# What KIND???



## Kahlibscreed (Dec 13, 2011)

Please help...what kind of pigeon or dove is this?


----------



## spirit wings (Mar 29, 2008)

have anymore closer pics? it is hard to tell.. could be a english short face tumbler mix?.. just guessing.


she kind of reminds me of this one..but not such a short beak.. it may be a mix.
link to pic:
http://farm3.static.flickr.com/2302/2113087413_beb0059966.jpg


----------



## Kahlibscreed (Dec 13, 2011)

I will grab some, I dont have it yet, going to pick up.
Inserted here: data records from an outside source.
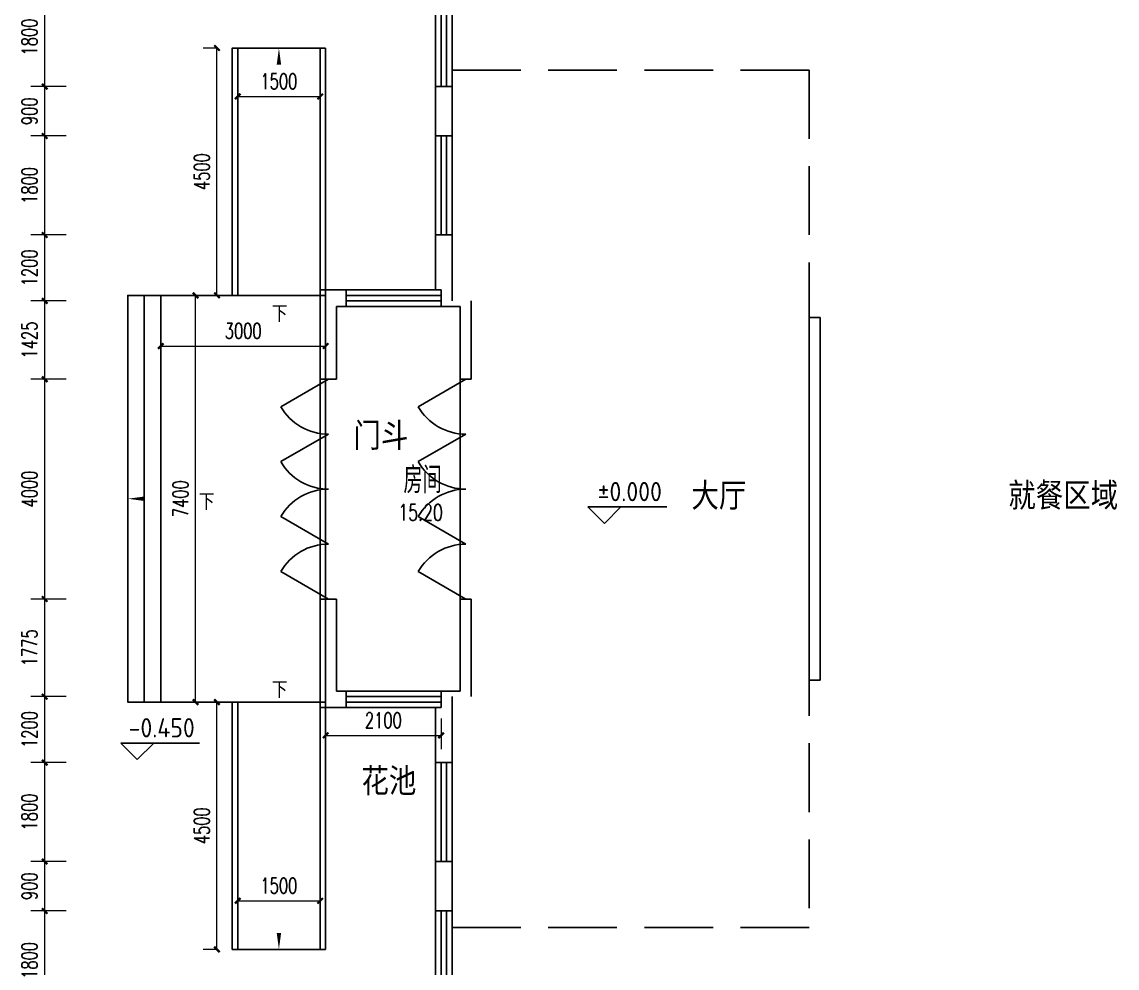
# Model space of a CAD drawing. Extents: x 0 to 302064749, y -59725395 to 1524223.
# Drawn here: x 884102 to 904029, y -94342 to -77126 of the extents above; entities that cross this region are included whole.
import ezdxf

# ---------------------------------------------------------------- set-up
doc = ezdxf.new("R2010")
doc.units = 0
doc.header["$LTSCALE"] = 1000
doc.linetypes.add('DASH', pattern=[0.35, 0.25, -0.1])
doc.linetypes.add('DOTE', pattern=[2.42, 2, -0.2, 0.02, -0.2])
for name, color, linetype in [('A-ANNO-IDEN', 3, 'Continuous'), ('A-ANNO-IDEN-LEVL', 3, 'Continuous'), ('A-ANNO-TXT', 7, 'Continuous'), ('A-FLOR-STRS', 140, 'Continuous'), ('E2-楼梯、坡道', 52, 'Continuous'), ('PUB_DIM', 3, 'Continuous'), ('PUB_TEXT', 7, 'Continuous'), ('SPACE', 7, 'Continuous'), ('WALL', 2, 'Continuous'), ('WINDOW', 4, 'Continuous')]:
    doc.layers.add(name, color=color, linetype=linetype)
doc.layers.add('DOTE', color=1, linetype='DOTE', lineweight=9, plot=False)
doc.layers.get('DOTE').off()
doc.styles.add('-黑体_T3', font='', dxfattribs={"width": 0.8})
doc.styles.add('_TCH_SPACE', font='SIMPLEX', dxfattribs={"height": 5, "bigfont": 'GBCBIG'})
doc.styles.add('A_DIM_T3', font='simplex.shx', dxfattribs={"width": 0.7, "bigfont": 'gbcbig.shx'})
doc.styles.get("Standard").update_dxf_attribs({"font": 'geniso.shx', "bigfont": 'hztxt.shx'})
doc.styles.get('-黑体_T3').set_extended_font_data('SimHei')
doc.dimstyles.new('_TCH_ARCH&&100', dxfattribs={"dimtxt": 280, "dimasz": 100, "dimexe": 250, "dimexo": 300, "dimgap": 135, "dimtad": 1, "dimdec": 0, "dimzin": 0, "dimdsep": 46, "dimtxsty": 'A_DIM_T3', "dimblk": 'ARCHTICK', "dimcen": 0.09, "dimclrt": 7, "dimazin": 2, "dimtfac": 1, "dimtdec": 0, "dimtix": 1, "dimtmove": 2, "dimatfit": 3, "dimfxl": 150, "dimtolj": 1, "dimtzin": 0, "dimarcsym": 0})

# ---------------------------------------------------------------- blocks, each defined once
blk = doc.blocks.new('_ArchTick')
at = {"color": 0, "linetype": 'ByBlock', "const_width": 0.4}
blk.add_lwpolyline([(-0.5, -0.5), (0.5, 0.5)], dxfattribs=at)
blk = doc.blocks.new('*D43')
at = {"layer": 'Defpoints', "color": 0, "transparency": 16777216}
for p in [(-2000, 13900), (100, 13900), (100, 13293)]:
    blk.add_point(p, dxfattribs=at)
at = {"layer": 'PUB_DIM', "color": 0, "lineweight": -2, "transparency": 16777216}
for p, q in [((-2000, 13600), (-2000, 13043)), ((100, 13600), (100, 13043)), ((-2000, 13293), (100, 13293))]:
    blk.add_line(p, q, dxfattribs=at)
at = {"layer": 'PUB_DIM', "color": 0, "lineweight": -2, "transparency": 16777216, "xscale": 100, "yscale": 100, "zscale": 100, "rotation": 180}
blk.add_blockref('_ArchTick', (-2000, 13293), dxfattribs=at)
at = {"layer": 'PUB_DIM', "color": 0, "lineweight": -2, "transparency": 16777216, "xscale": 100, "yscale": 100, "zscale": 100}
blk.add_blockref('_ArchTick', (100, 13293), dxfattribs=at)
at = {"layer": 'PUB_DIM', "color": 7, "transparency": 16777216, "insert": (-950, 13568), "char_height": 280, "attachment_point": 5, "style": 'A_DIM_T3'}
blk.add_mtext('\\A1;2100', dxfattribs=at)
blk = doc.blocks.new('*D44')
at = {"layer": 'Defpoints', "color": 0, "transparency": 16777216}
for p in [(-3977, 13900), (-3700, 13900), (-3700, 9400)]:
    blk.add_point(p, dxfattribs=at)
at = {"layer": 'PUB_DIM', "color": 0, "lineweight": -2, "transparency": 16777216}
for p, q in [((-4000, 13900), (-4227, 13900)), ((-3977, 9400), (-3977, 13900)), ((-4000, 9400), (-4227, 9400))]:
    blk.add_line(p, q, dxfattribs=at)
at = {"layer": 'PUB_DIM', "color": 0, "lineweight": -2, "transparency": 16777216, "xscale": 100, "yscale": 100, "zscale": 100}
for p, rotation in [((-3977, 13900), 90), ((-3977, 9400), 270)]:
    blk.add_blockref('_ArchTick', p, dxfattribs=dict(at, rotation=rotation))
at = {"layer": 'PUB_DIM', "color": 7, "transparency": 16777216, "insert": (-4252, 11650), "char_height": 280, "attachment_point": 5, "rotation": 90, "style": 'A_DIM_T3'}
blk.add_mtext('\\A1;4500', dxfattribs=at)
blk = doc.blocks.new('*D45')
at = {"layer": 'Defpoints', "color": 0, "transparency": 16777216}
for p in [(-3977, 25800), (-3700, 25800), (-3700, 21300)]:
    blk.add_point(p, dxfattribs=at)
at = {"layer": 'PUB_DIM', "color": 0, "lineweight": -2, "transparency": 16777216}
for p, q in [((-4000, 25800), (-4227, 25800)), ((-3977, 21300), (-3977, 25800)), ((-4000, 21300), (-4227, 21300))]:
    blk.add_line(p, q, dxfattribs=at)
at = {"layer": 'PUB_DIM', "color": 0, "lineweight": -2, "transparency": 16777216, "xscale": 100, "yscale": 100, "zscale": 100}
for p, rotation in [((-3977, 25800), 90), ((-3977, 21300), 270)]:
    blk.add_blockref('_ArchTick', p, dxfattribs=dict(at, rotation=rotation))
at = {"layer": 'PUB_DIM', "color": 7, "transparency": 16777216, "insert": (-4252, 23550), "char_height": 280, "attachment_point": 5, "rotation": 90, "style": 'A_DIM_T3'}
blk.add_mtext('\\A1;4500', dxfattribs=at)
blk = doc.blocks.new('*D55')
at = {"layer": 'Defpoints', "color": 0, "transparency": 16777216}
for p in [(-3600, 25800), (-2100, 25800), (-2100, 24919)]:
    blk.add_point(p, dxfattribs=at)
at = {"layer": 'PUB_DIM', "color": 0, "lineweight": -2, "transparency": 16777216}
for p, q in [((-3600, 25500), (-3600, 24669)), ((-2100, 25500), (-2100, 24669)), ((-3600, 24919), (-2100, 24919))]:
    blk.add_line(p, q, dxfattribs=at)
at = {"layer": 'PUB_DIM', "color": 0, "lineweight": -2, "transparency": 16777216, "xscale": 100, "yscale": 100, "zscale": 100, "rotation": 180}
blk.add_blockref('_ArchTick', (-3600, 24919), dxfattribs=at)
at = {"layer": 'PUB_DIM', "color": 0, "lineweight": -2, "transparency": 16777216, "xscale": 100, "yscale": 100, "zscale": 100}
blk.add_blockref('_ArchTick', (-2100, 24919), dxfattribs=at)
at = {"layer": 'PUB_DIM', "color": 7, "transparency": 16777216, "insert": (-2850, 25194), "char_height": 280, "attachment_point": 5, "style": 'A_DIM_T3'}
blk.add_mtext('\\A1;1500', dxfattribs=at)
blk = doc.blocks.new('*D56')
at = {"layer": 'Defpoints', "color": 0, "transparency": 16777216}
for p in [(-2100, 10285), (-3600, 9400), (-2100, 9400)]:
    blk.add_point(p, dxfattribs=at)
at = {"layer": 'PUB_DIM', "color": 0, "lineweight": -2, "transparency": 16777216}
for p, q in [((-3600, 9700), (-3600, 10535)), ((-2100, 9700), (-2100, 10535)), ((-3600, 10285), (-2100, 10285))]:
    blk.add_line(p, q, dxfattribs=at)
at = {"layer": 'PUB_DIM', "color": 0, "lineweight": -2, "transparency": 16777216, "xscale": 100, "yscale": 100, "zscale": 100, "rotation": 180}
blk.add_blockref('_ArchTick', (-3600, 10285), dxfattribs=at)
at = {"layer": 'PUB_DIM', "color": 0, "lineweight": -2, "transparency": 16777216, "xscale": 100, "yscale": 100, "zscale": 100}
blk.add_blockref('_ArchTick', (-2100, 10285), dxfattribs=at)
at = {"layer": 'PUB_DIM', "color": 7, "transparency": 16777216, "insert": (-2850, 10560), "char_height": 280, "attachment_point": 5, "style": 'A_DIM_T3'}
blk.add_mtext('\\A1;1500', dxfattribs=at)
blk = doc.blocks.new('*D61')
at = {"layer": 'Defpoints', "color": 0, "transparency": 16777216}
for p in [(-5000, 20710), (-2000, 20710), (-2000, 20378)]:
    blk.add_point(p, dxfattribs=at)
at = {"layer": 'PUB_DIM', "color": 0, "lineweight": -2, "transparency": 16777216}
for p, q in [((-5000, 20410), (-5000, 20128)), ((-5000, 20378), (-2000, 20378)), ((-2000, 20410), (-2000, 20128))]:
    blk.add_line(p, q, dxfattribs=at)
at = {"layer": 'PUB_DIM', "color": 0, "lineweight": -2, "transparency": 16777216, "xscale": 100, "yscale": 100, "zscale": 100, "rotation": 180}
blk.add_blockref('_ArchTick', (-5000, 20378), dxfattribs=at)
at = {"layer": 'PUB_DIM', "color": 0, "lineweight": -2, "transparency": 16777216, "xscale": 100, "yscale": 100, "zscale": 100}
blk.add_blockref('_ArchTick', (-2000, 20378), dxfattribs=at)
at = {"layer": 'PUB_DIM', "color": 7, "transparency": 16777216, "insert": (-3500, 20653), "char_height": 280, "attachment_point": 5, "style": 'A_DIM_T3'}
blk.add_mtext('\\A1;3000', dxfattribs=at)
blk = doc.blocks.new('*D62')
at = {"layer": 'Defpoints', "color": 0, "transparency": 16777216}
for p in [(-5000, 21300), (-4366, 21300), (-5000, 13900)]:
    blk.add_point(p, dxfattribs=at)
at = {"layer": 'PUB_DIM', "color": 0, "lineweight": -2, "transparency": 16777216}
for p, q in [((-4700, 21300), (-4116, 21300)), ((-4366, 13900), (-4366, 21300)), ((-4700, 13900), (-4116, 13900))]:
    blk.add_line(p, q, dxfattribs=at)
at = {"layer": 'PUB_DIM', "color": 0, "lineweight": -2, "transparency": 16777216, "xscale": 100, "yscale": 100, "zscale": 100}
for p, rotation in [((-4366, 21300), 90), ((-4366, 13900), 270)]:
    blk.add_blockref('_ArchTick', p, dxfattribs=dict(at, rotation=rotation))
at = {"layer": 'PUB_DIM', "color": 7, "transparency": 16777216, "insert": (-4641, 17600), "char_height": 280, "attachment_point": 5, "rotation": 90, "style": 'A_DIM_T3'}
blk.add_mtext('\\A1;7400', dxfattribs=at)
blk = doc.blocks.new('*D68')
at = {"layer": 'Defpoints', "color": 0, "transparency": 16777216}
for p in [(-7112, 26900), (-6418, 26900), (-6418, 25100)]:
    blk.add_point(p, dxfattribs=at)
at = {"layer": 'PUB_DIM', "color": 0, "lineweight": -2, "transparency": 16777216}
for p, q in [((-6718, 26900), (-7362, 26900)), ((-7112, 25100), (-7112, 26900)), ((-6718, 25100), (-7362, 25100))]:
    blk.add_line(p, q, dxfattribs=at)
at = {"layer": 'PUB_DIM', "color": 0, "lineweight": -2, "transparency": 16777216, "xscale": 100, "yscale": 100, "zscale": 100}
for p, rotation in [((-7112, 26900), 90), ((-7112, 25100), 270)]:
    blk.add_blockref('_ArchTick', p, dxfattribs=dict(at, rotation=rotation))
at = {"layer": 'PUB_DIM', "color": 7, "transparency": 16777216, "insert": (-7387, 26000), "char_height": 280, "attachment_point": 5, "rotation": 90, "style": 'A_DIM_T3'}
blk.add_mtext('\\A1;1800', dxfattribs=at)
blk = doc.blocks.new('*D69')
at = {"layer": 'Defpoints', "color": 0, "transparency": 16777216}
for p in [(-7112, 25100), (-6418, 25100), (-6418, 24200)]:
    blk.add_point(p, dxfattribs=at)
at = {"layer": 'PUB_DIM', "color": 0, "lineweight": -2, "transparency": 16777216}
for p, q in [((-6718, 25100), (-7362, 25100)), ((-7112, 24200), (-7112, 25100)), ((-6718, 24200), (-7362, 24200))]:
    blk.add_line(p, q, dxfattribs=at)
at = {"layer": 'PUB_DIM', "color": 0, "lineweight": -2, "transparency": 16777216, "xscale": 100, "yscale": 100, "zscale": 100}
for p, rotation in [((-7112, 25100), 90), ((-7112, 24200), 270)]:
    blk.add_blockref('_ArchTick', p, dxfattribs=dict(at, rotation=rotation))
at = {"layer": 'PUB_DIM', "color": 7, "transparency": 16777216, "insert": (-7387, 24650), "char_height": 280, "attachment_point": 5, "rotation": 90, "style": 'A_DIM_T3'}
blk.add_mtext('\\A1;900', dxfattribs=at)
blk = doc.blocks.new('*D70')
at = {"layer": 'Defpoints', "color": 0, "transparency": 16777216}
for p in [(-7112, 24200), (-6418, 24200), (-6418, 22400)]:
    blk.add_point(p, dxfattribs=at)
at = {"layer": 'PUB_DIM', "color": 0, "lineweight": -2, "transparency": 16777216}
for p, q in [((-6718, 24200), (-7362, 24200)), ((-7112, 22400), (-7112, 24200)), ((-6718, 22400), (-7362, 22400))]:
    blk.add_line(p, q, dxfattribs=at)
at = {"layer": 'PUB_DIM', "color": 0, "lineweight": -2, "transparency": 16777216, "xscale": 100, "yscale": 100, "zscale": 100}
for p, rotation in [((-7112, 24200), 90), ((-7112, 22400), 270)]:
    blk.add_blockref('_ArchTick', p, dxfattribs=dict(at, rotation=rotation))
at = {"layer": 'PUB_DIM', "color": 7, "transparency": 16777216, "insert": (-7387, 23300), "char_height": 280, "attachment_point": 5, "rotation": 90, "style": 'A_DIM_T3'}
blk.add_mtext('\\A1;1800', dxfattribs=at)
blk = doc.blocks.new('*D71')
at = {"layer": 'Defpoints', "color": 0, "transparency": 16777216}
for p in [(-7112, 22400), (-6418, 22400), (-6418, 21200)]:
    blk.add_point(p, dxfattribs=at)
at = {"layer": 'PUB_DIM', "color": 0, "lineweight": -2, "transparency": 16777216}
for p, q in [((-6718, 22400), (-7362, 22400)), ((-7112, 21200), (-7112, 22400)), ((-6718, 21200), (-7362, 21200))]:
    blk.add_line(p, q, dxfattribs=at)
at = {"layer": 'PUB_DIM', "color": 0, "lineweight": -2, "transparency": 16777216, "xscale": 100, "yscale": 100, "zscale": 100}
for p, rotation in [((-7112, 22400), 90), ((-7112, 21200), 270)]:
    blk.add_blockref('_ArchTick', p, dxfattribs=dict(at, rotation=rotation))
at = {"layer": 'PUB_DIM', "color": 7, "transparency": 16777216, "insert": (-7387, 21800), "char_height": 280, "attachment_point": 5, "rotation": 90, "style": 'A_DIM_T3'}
blk.add_mtext('\\A1;1200', dxfattribs=at)
blk = doc.blocks.new('*D72')
at = {"layer": 'Defpoints', "color": 0, "transparency": 16777216}
for p in [(-7112, 21200), (-6418, 21200), (-6418, 19775)]:
    blk.add_point(p, dxfattribs=at)
at = {"layer": 'PUB_DIM', "color": 0, "lineweight": -2, "transparency": 16777216}
for p, q in [((-6718, 21200), (-7362, 21200)), ((-7112, 19775), (-7112, 21200)), ((-6718, 19775), (-7362, 19775))]:
    blk.add_line(p, q, dxfattribs=at)
at = {"layer": 'PUB_DIM', "color": 0, "lineweight": -2, "transparency": 16777216, "xscale": 100, "yscale": 100, "zscale": 100}
for p, rotation in [((-7112, 21200), 90), ((-7112, 19775), 270)]:
    blk.add_blockref('_ArchTick', p, dxfattribs=dict(at, rotation=rotation))
at = {"layer": 'PUB_DIM', "color": 7, "transparency": 16777216, "insert": (-7387, 20487), "char_height": 280, "attachment_point": 5, "rotation": 90, "style": 'A_DIM_T3'}
blk.add_mtext('\\A1;1425', dxfattribs=at)
blk = doc.blocks.new('*D73')
at = {"layer": 'Defpoints', "color": 0, "transparency": 16777216}
for p in [(-7112, 19775), (-6418, 19775), (-6418, 15775)]:
    blk.add_point(p, dxfattribs=at)
at = {"layer": 'PUB_DIM', "color": 0, "lineweight": -2, "transparency": 16777216}
for p, q in [((-6718, 19775), (-7362, 19775)), ((-7112, 15775), (-7112, 19775)), ((-6718, 15775), (-7362, 15775))]:
    blk.add_line(p, q, dxfattribs=at)
at = {"layer": 'PUB_DIM', "color": 0, "lineweight": -2, "transparency": 16777216, "xscale": 100, "yscale": 100, "zscale": 100}
for p, rotation in [((-7112, 19775), 90), ((-7112, 15775), 270)]:
    blk.add_blockref('_ArchTick', p, dxfattribs=dict(at, rotation=rotation))
at = {"layer": 'PUB_DIM', "color": 7, "transparency": 16777216, "insert": (-7387, 17775), "char_height": 280, "attachment_point": 5, "rotation": 90, "style": 'A_DIM_T3'}
blk.add_mtext('\\A1;4000', dxfattribs=at)
blk = doc.blocks.new('*D74')
at = {"layer": 'Defpoints', "color": 0, "transparency": 16777216}
for p in [(-7112, 15775), (-6418, 15775), (-6418, 14000)]:
    blk.add_point(p, dxfattribs=at)
at = {"layer": 'PUB_DIM', "color": 0, "lineweight": -2, "transparency": 16777216}
for p, q in [((-6718, 15775), (-7362, 15775)), ((-7112, 14000), (-7112, 15775)), ((-6718, 14000), (-7362, 14000))]:
    blk.add_line(p, q, dxfattribs=at)
at = {"layer": 'PUB_DIM', "color": 0, "lineweight": -2, "transparency": 16777216, "xscale": 100, "yscale": 100, "zscale": 100}
for p, rotation in [((-7112, 15775), 90), ((-7112, 14000), 270)]:
    blk.add_blockref('_ArchTick', p, dxfattribs=dict(at, rotation=rotation))
at = {"layer": 'PUB_DIM', "color": 7, "transparency": 16777216, "insert": (-7387, 14887), "char_height": 280, "attachment_point": 5, "rotation": 90, "style": 'A_DIM_T3'}
blk.add_mtext('\\A1;1775', dxfattribs=at)
blk = doc.blocks.new('*D75')
at = {"layer": 'Defpoints', "color": 0, "transparency": 16777216}
for p in [(-7112, 14000), (-6418, 14000), (-6418, 12800)]:
    blk.add_point(p, dxfattribs=at)
at = {"layer": 'PUB_DIM', "color": 0, "lineweight": -2, "transparency": 16777216}
for p, q in [((-6718, 14000), (-7362, 14000)), ((-7112, 12800), (-7112, 14000)), ((-6718, 12800), (-7362, 12800))]:
    blk.add_line(p, q, dxfattribs=at)
at = {"layer": 'PUB_DIM', "color": 0, "lineweight": -2, "transparency": 16777216, "xscale": 100, "yscale": 100, "zscale": 100}
for p, rotation in [((-7112, 14000), 90), ((-7112, 12800), 270)]:
    blk.add_blockref('_ArchTick', p, dxfattribs=dict(at, rotation=rotation))
at = {"layer": 'PUB_DIM', "color": 7, "transparency": 16777216, "insert": (-7387, 13400), "char_height": 280, "attachment_point": 5, "rotation": 90, "style": 'A_DIM_T3'}
blk.add_mtext('\\A1;1200', dxfattribs=at)
blk = doc.blocks.new('*D76')
at = {"layer": 'Defpoints', "color": 0, "transparency": 16777216}
for p in [(-7112, 12800), (-6418, 12800), (-6418, 11000)]:
    blk.add_point(p, dxfattribs=at)
at = {"layer": 'PUB_DIM', "color": 0, "lineweight": -2, "transparency": 16777216}
for p, q in [((-6718, 12800), (-7362, 12800)), ((-7112, 11000), (-7112, 12800)), ((-6718, 11000), (-7362, 11000))]:
    blk.add_line(p, q, dxfattribs=at)
at = {"layer": 'PUB_DIM', "color": 0, "lineweight": -2, "transparency": 16777216, "xscale": 100, "yscale": 100, "zscale": 100}
for p, rotation in [((-7112, 12800), 90), ((-7112, 11000), 270)]:
    blk.add_blockref('_ArchTick', p, dxfattribs=dict(at, rotation=rotation))
at = {"layer": 'PUB_DIM', "color": 7, "transparency": 16777216, "insert": (-7387, 11900), "char_height": 280, "attachment_point": 5, "rotation": 90, "style": 'A_DIM_T3'}
blk.add_mtext('\\A1;1800', dxfattribs=at)
blk = doc.blocks.new('*D77')
at = {"layer": 'Defpoints', "color": 0, "transparency": 16777216}
for p in [(-7112, 11000), (-6418, 11000), (-6418, 10100)]:
    blk.add_point(p, dxfattribs=at)
at = {"layer": 'PUB_DIM', "color": 0, "lineweight": -2, "transparency": 16777216}
for p, q in [((-6718, 11000), (-7362, 11000)), ((-7112, 10100), (-7112, 11000)), ((-6718, 10100), (-7362, 10100))]:
    blk.add_line(p, q, dxfattribs=at)
at = {"layer": 'PUB_DIM', "color": 0, "lineweight": -2, "transparency": 16777216, "xscale": 100, "yscale": 100, "zscale": 100}
for p, rotation in [((-7112, 11000), 90), ((-7112, 10100), 270)]:
    blk.add_blockref('_ArchTick', p, dxfattribs=dict(at, rotation=rotation))
at = {"layer": 'PUB_DIM', "color": 7, "transparency": 16777216, "insert": (-7387, 10550), "char_height": 280, "attachment_point": 5, "rotation": 90, "style": 'A_DIM_T3'}
blk.add_mtext('\\A1;900', dxfattribs=at)
blk = doc.blocks.new('*D78')
at = {"layer": 'Defpoints', "color": 0, "transparency": 16777216}
for p in [(-7112, 10100), (-6418, 10100), (-6418, 8300)]:
    blk.add_point(p, dxfattribs=at)
at = {"layer": 'PUB_DIM', "color": 0, "lineweight": -2, "transparency": 16777216}
for p, q in [((-6718, 10100), (-7362, 10100)), ((-7112, 8300), (-7112, 10100)), ((-6718, 8300), (-7362, 8300))]:
    blk.add_line(p, q, dxfattribs=at)
at = {"layer": 'PUB_DIM', "color": 0, "lineweight": -2, "transparency": 16777216, "xscale": 100, "yscale": 100, "zscale": 100}
for p, rotation in [((-7112, 10100), 90), ((-7112, 8300), 270)]:
    blk.add_blockref('_ArchTick', p, dxfattribs=dict(at, rotation=rotation))
at = {"layer": 'PUB_DIM', "color": 7, "transparency": 16777216, "insert": (-7387, 9200), "char_height": 280, "attachment_point": 5, "rotation": 90, "style": 'A_DIM_T3'}
blk.add_mtext('\\A1;1800', dxfattribs=at)
blk = doc.blocks.new('$WINLIB2D$00000001')
at = {"color": 0}
for points in [[(-0.5, 0.5), (-0.5, -0.5)], [(-0.5, 0.5), (0.5, 0.5)], [(0.5, -0.5), (0.5, 0.5)], [(0.5, 0.167), (-0.5, 0.167)], [(0.5, -0.167), (-0.5, -0.167)], [(-0.5, -0.5), (0.5, -0.5)]]:
    blk.add_lwpolyline(points, dxfattribs=at)
blk = doc.blocks.new('$DorLib2D$00000228')
at = {"color": 0}
blk.add_line((0.5, 0), (0, 0.866), dxfattribs=at)
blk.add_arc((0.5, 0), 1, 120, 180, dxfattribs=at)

Would this be a pigeon or a dove?


----------



## Doves1111 (Mar 5, 2005)

It's a pigeon. Doves don't have a wattle over their beak.

It's very cute...did you find it?

Dawn


----------



## MaryOfExeter (Sep 30, 2007)

Looks like an owl mix. Is it small?


----------



## Crazy Pete (Nov 13, 2008)

Looks like its in a 50 gal fish tank, it must be big
Dave


----------



## spirit wings (Mar 29, 2008)

Crazy Pete said:


> Looks like its in a 50 gal fish tank, it must be big
> Dave


oh it is!... did not notice that before.. hope it gets someplace better than a fish tank.


----------



## Kahlibscreed (Dec 13, 2011)

Not sure if it is a she or he...


----------



## MaryOfExeter (Sep 30, 2007)

Smaller than a feral pigeon, then it is an owl mix, my guess. Probably an Italian Owl, Figurita, or Old German Owl mixed with a roller or other "plain" pigeon.


----------